In the great words of the late Perry P. (my friend, mentor and role model in the later part of my formative years) he told me: “Steve, In life, believe none of what you hear, and only half of what you see. ”

I have been in business for a long time now. In about two weeks I’ll be 29 years old. I haven’t work a “W-2” type job taking a paycheck since I was 18 years old. First it was my clothing company All Else Failed Ind., I built that company out of front room in my little dingy apartment in South Los Angeles. Everyone told me it was a stupid idea, my partner Justin ended up quitting 6 months in to it, but by the end of the first year, I was selling my clothes in 35 states and out in the UK.

When I was 20 years old, I got in to the financial services business breaking off and starting my firm in 2003, I built that little brokerage in to a company doing 10-15 million a month in transactions. During that time I published my first book about my life growing up which I have now sold thousands of copies of.
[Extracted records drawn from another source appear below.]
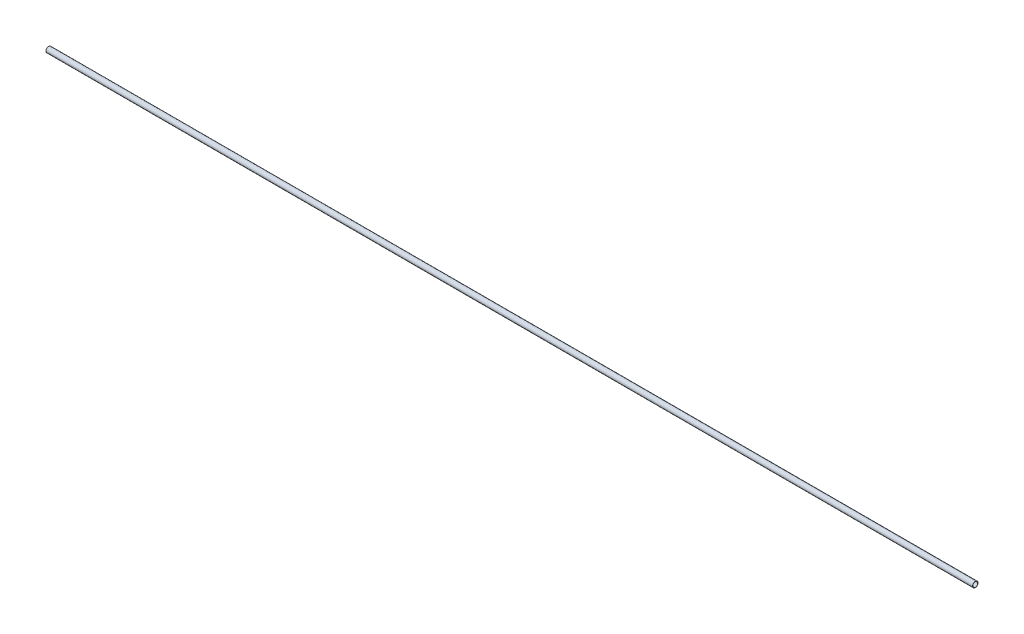
ISO-10303-21;
HEADER;
FILE_DESCRIPTION(('STEP AP214'),'2;1');
FILE_NAME('part.step','',(''),(''),'','','');
FILE_SCHEMA(('AUTOMOTIVE_DESIGN { 1 0 10303 214 1 1 1 1 }'));
ENDSEC;
DATA;
#1=APPLICATION_CONTEXT('core data for automotive mechanical design processes');
#2=APPLICATION_PROTOCOL_DEFINITION('international standard','automotive_design',2000,#1);
#3=PRODUCT_CONTEXT('',#1,'mechanical');
#4=PRODUCT('Part','Part','',(#3));
#5=PRODUCT_RELATED_PRODUCT_CATEGORY('part','',(#4));
#6=PRODUCT_DEFINITION_FORMATION('','',#4);
#7=PRODUCT_DEFINITION_CONTEXT('part definition',#1,'design');
#8=PRODUCT_DEFINITION('design','',#6,#7);
#9=PRODUCT_DEFINITION_SHAPE('','',#8);
#10=(LENGTH_UNIT() NAMED_UNIT(*) SI_UNIT(.MILLI.,.METRE.));
#11=(NAMED_UNIT(*) PLANE_ANGLE_UNIT() SI_UNIT($,.RADIAN.));
#12=(NAMED_UNIT(*) SI_UNIT($,.STERADIAN.) SOLID_ANGLE_UNIT());
#13=UNCERTAINTY_MEASURE_WITH_UNIT(LENGTH_MEASURE(1.E-05),#10,'distance_accuracy_value','');
#14=(GEOMETRIC_REPRESENTATION_CONTEXT(3) GLOBAL_UNCERTAINTY_ASSIGNED_CONTEXT((#13)) GLOBAL_UNIT_ASSIGNED_CONTEXT((#10,
#11,#12)) REPRESENTATION_CONTEXT('',''));
#15=CARTESIAN_POINT('',(0.,0.,0.));
#16=DIRECTION('',(0.,0.,1.));
#17=DIRECTION('',(1.,0.,0.));
#18=AXIS2_PLACEMENT_3D('',#15,#16,#17);
#19=CARTESIAN_POINT('',(3048.,0.,0.));
#20=DIRECTION('',(1.,0.,0.));
#21=DIRECTION('',(0.,0.,-1.));
#22=AXIS2_PLACEMENT_3D('',#19,#20,#21);
#23=PLANE('',#22);
#24=CARTESIAN_POINT('',(3048.,0.,0.));
#25=DIRECTION('',(1.,0.,0.));
#26=DIRECTION('',(0.,0.,-1.));
#27=AXIS2_PLACEMENT_3D('',#24,#25,#26);
#28=CIRCLE('',#27,8.9662);
#29=CARTESIAN_POINT('',(3048.,0.,-8.9662));
#30=VERTEX_POINT('',#29);
#31=EDGE_CURVE('E10',#30,#30,#28,.T.);
#32=ORIENTED_EDGE('',*,*,#31,.T.);
#33=EDGE_LOOP('',(#32));
#34=FACE_BOUND('',#33,.T.);
#35=CARTESIAN_POINT('',(3048.,0.,0.));
#36=DIRECTION('',(1.,0.,0.));
#37=DIRECTION('',(0.,0.,-1.));
#38=AXIS2_PLACEMENT_3D('',#35,#36,#37);
#39=CIRCLE('',#38,7.8994);
#40=CARTESIAN_POINT('',(3048.,0.,-7.8994));
#41=VERTEX_POINT('',#40);
#42=EDGE_CURVE('E41',#41,#41,#39,.T.);
#43=ORIENTED_EDGE('',*,*,#42,.F.);
#44=EDGE_LOOP('',(#43));
#45=FACE_BOUND('',#44,.T.);
#46=ADVANCED_FACE('F30',(#34,#45),#23,.T.);
#47=CARTESIAN_POINT('',(0.,0.,0.));
#48=DIRECTION('',(1.,0.,0.));
#49=DIRECTION('',(0.,0.,-1.));
#50=AXIS2_PLACEMENT_3D('',#47,#48,#49);
#51=PLANE('',#50);
#52=CARTESIAN_POINT('',(0.,0.,0.));
#53=DIRECTION('',(1.,0.,0.));
#54=DIRECTION('',(0.,0.,-1.));
#55=AXIS2_PLACEMENT_3D('',#52,#53,#54);
#56=CIRCLE('',#55,8.9662);
#57=CARTESIAN_POINT('',(0.,0.,-8.9662));
#58=VERTEX_POINT('',#57);
#59=EDGE_CURVE('E34',#58,#58,#56,.T.);
#60=ORIENTED_EDGE('',*,*,#59,.F.);
#61=EDGE_LOOP('',(#60));
#62=FACE_BOUND('',#61,.T.);
#63=CARTESIAN_POINT('',(0.,0.,0.));
#64=DIRECTION('',(1.,0.,0.));
#65=DIRECTION('',(0.,0.,-1.));
#66=AXIS2_PLACEMENT_3D('',#63,#64,#65);
#67=CIRCLE('',#66,7.8994);
#68=CARTESIAN_POINT('',(0.,0.,-7.8994));
#69=VERTEX_POINT('',#68);
#70=EDGE_CURVE('E43',#69,#69,#67,.T.);
#71=ORIENTED_EDGE('',*,*,#70,.T.);
#72=EDGE_LOOP('',(#71));
#73=FACE_BOUND('',#72,.T.);
#74=ADVANCED_FACE('F53',(#62,#73),#51,.F.);
#75=CARTESIAN_POINT('',(3048.,0.,0.));
#76=DIRECTION('',(-1.,0.,0.));
#77=DIRECTION('',(0.,0.,1.));
#78=AXIS2_PLACEMENT_3D('',#75,#76,#77);
#79=CYLINDRICAL_SURFACE('',#78,8.9662);
#80=ORIENTED_EDGE('',*,*,#31,.F.);
#81=EDGE_LOOP('',(#80));
#82=FACE_BOUND('',#81,.T.);
#83=ORIENTED_EDGE('',*,*,#59,.T.);
#84=EDGE_LOOP('',(#83));
#85=FACE_BOUND('',#84,.T.);
#86=ADVANCED_FACE('F32',(#82,#85),#79,.T.);
#87=CARTESIAN_POINT('',(3048.,0.,0.));
#88=DIRECTION('',(-1.,0.,0.));
#89=DIRECTION('',(0.,0.,1.));
#90=AXIS2_PLACEMENT_3D('',#87,#88,#89);
#91=CYLINDRICAL_SURFACE('',#90,7.8994);
#92=ORIENTED_EDGE('',*,*,#42,.T.);
#93=EDGE_LOOP('',(#92));
#94=FACE_BOUND('',#93,.T.);
#95=ORIENTED_EDGE('',*,*,#70,.F.);
#96=EDGE_LOOP('',(#95));
#97=FACE_BOUND('',#96,.T.);
#98=ADVANCED_FACE('F49',(#94,#97),#91,.F.);
#99=CLOSED_SHELL('',(#46,#74,#86,#98));
#100=MANIFOLD_SOLID_BREP('B2',#99);
#101=ADVANCED_BREP_SHAPE_REPRESENTATION('',(#18,#100),#14);
#102=SHAPE_DEFINITION_REPRESENTATION(#9,#101);
ENDSEC;
END-ISO-10303-21;

When the industry crashed in 2008, my life fell apart. My mentor died, I lost my business leaving me about $140k in debt, parents were struggling, broke up with a girlfriend of 2 years, my best friend at the time screwed me over and a con-artist posing as roommate stole my last $10,000 that I had.

I realized that when I lost all of the material stuff, and my status and prestige was taken from me when life humbled me, the only thing I really had left that mattered to me in my life was my honor, loyalty and integrity. I watched fair weather friends disappear when the money was gone. I lost people who I thought were my friends over money and women. I lost hope at times and was furious with god because I couldn’t understand why he would take such innocent people away from me.

When I finally came in to acceptance about the reality of my life, I began to question everything, the meaning of my life, who my friends were, who I thought I was or was supposed to be, and generally everything.

I made a commitment to myself that no matter what happened, no matter how bad it got, that I would never sell my integrity. My idea of success changed. Instead of wanting to get money to be rich, I started to pursue happiness, and serve the truth, defy the lies, and get willing to be in a place where I was willing to sacrifice anything including my life to stand up for what I believe in.

When I made this decision, life got simple. It was easy for me to determine what people were good for me, and what people I needed to cut of my life. In business, I found a company and built an organization in to the 1000’s to watch it fall apart by some unscrupulous people. Then I got in to another company, built it in to the 1000’s again to watch it fall apart one more time by some unscrupulous people. I have learned now more than ever that no matter what someone says to you, the only way you can really judge them is by their actions. I have been sold the world by people. People I’ve been in business with have promised me the world and were really nice to me up until the time I disagreed with them. Perry P. was right all along. I should have only judged by actions, trusted my gut an intuition, but that’s been hard to navigate when your young or new at something or trusting in the success of the edified people. Regardless of the inequalities that I have felt, and putting behind all of the times that I have been lied to, or stabbed in the back in my personal and professional life, no one can say I was dishonest. No one can say that I told lies or mislead people with malicious intent. Basically, through thick and thin and like Perry, and all my other mentors, I remained honorable.

I am at another one of those transitional times in my career. It’s exciting to me because I know things I didn’t know before and I am finally going to get a chance to prove myself. In order to see if you outgrew your Sensei or guru, you must challenge them, if you win, than your right, you became better, more enlightened, but if you lose, you’re a fool. So if your going to go at it alone, you must be ready to accept all of the consequences that come with it, and further more be ready to humble yourself if you did in fact bite off more than you can chew. In my case, I’m as ready as I’ll ever be in this moment and it’s time to start a new chapter. This is the only moment I have, my conscience is clear, my side of the street is clean and I’m ready to put a dent in the world!

Today, Im a free agent again. I am young, single, healthy, well-educated and street smart. I know more now than I ever have before in my life. To me, I have found true serenity in the way I live because I realize that despite all of the injustice in the world and all of the suffering, I choose to be a part of the solution. NO ONE GETS A WAY WITH ANYTHING, eventually the world has a way of correcting the imbalances.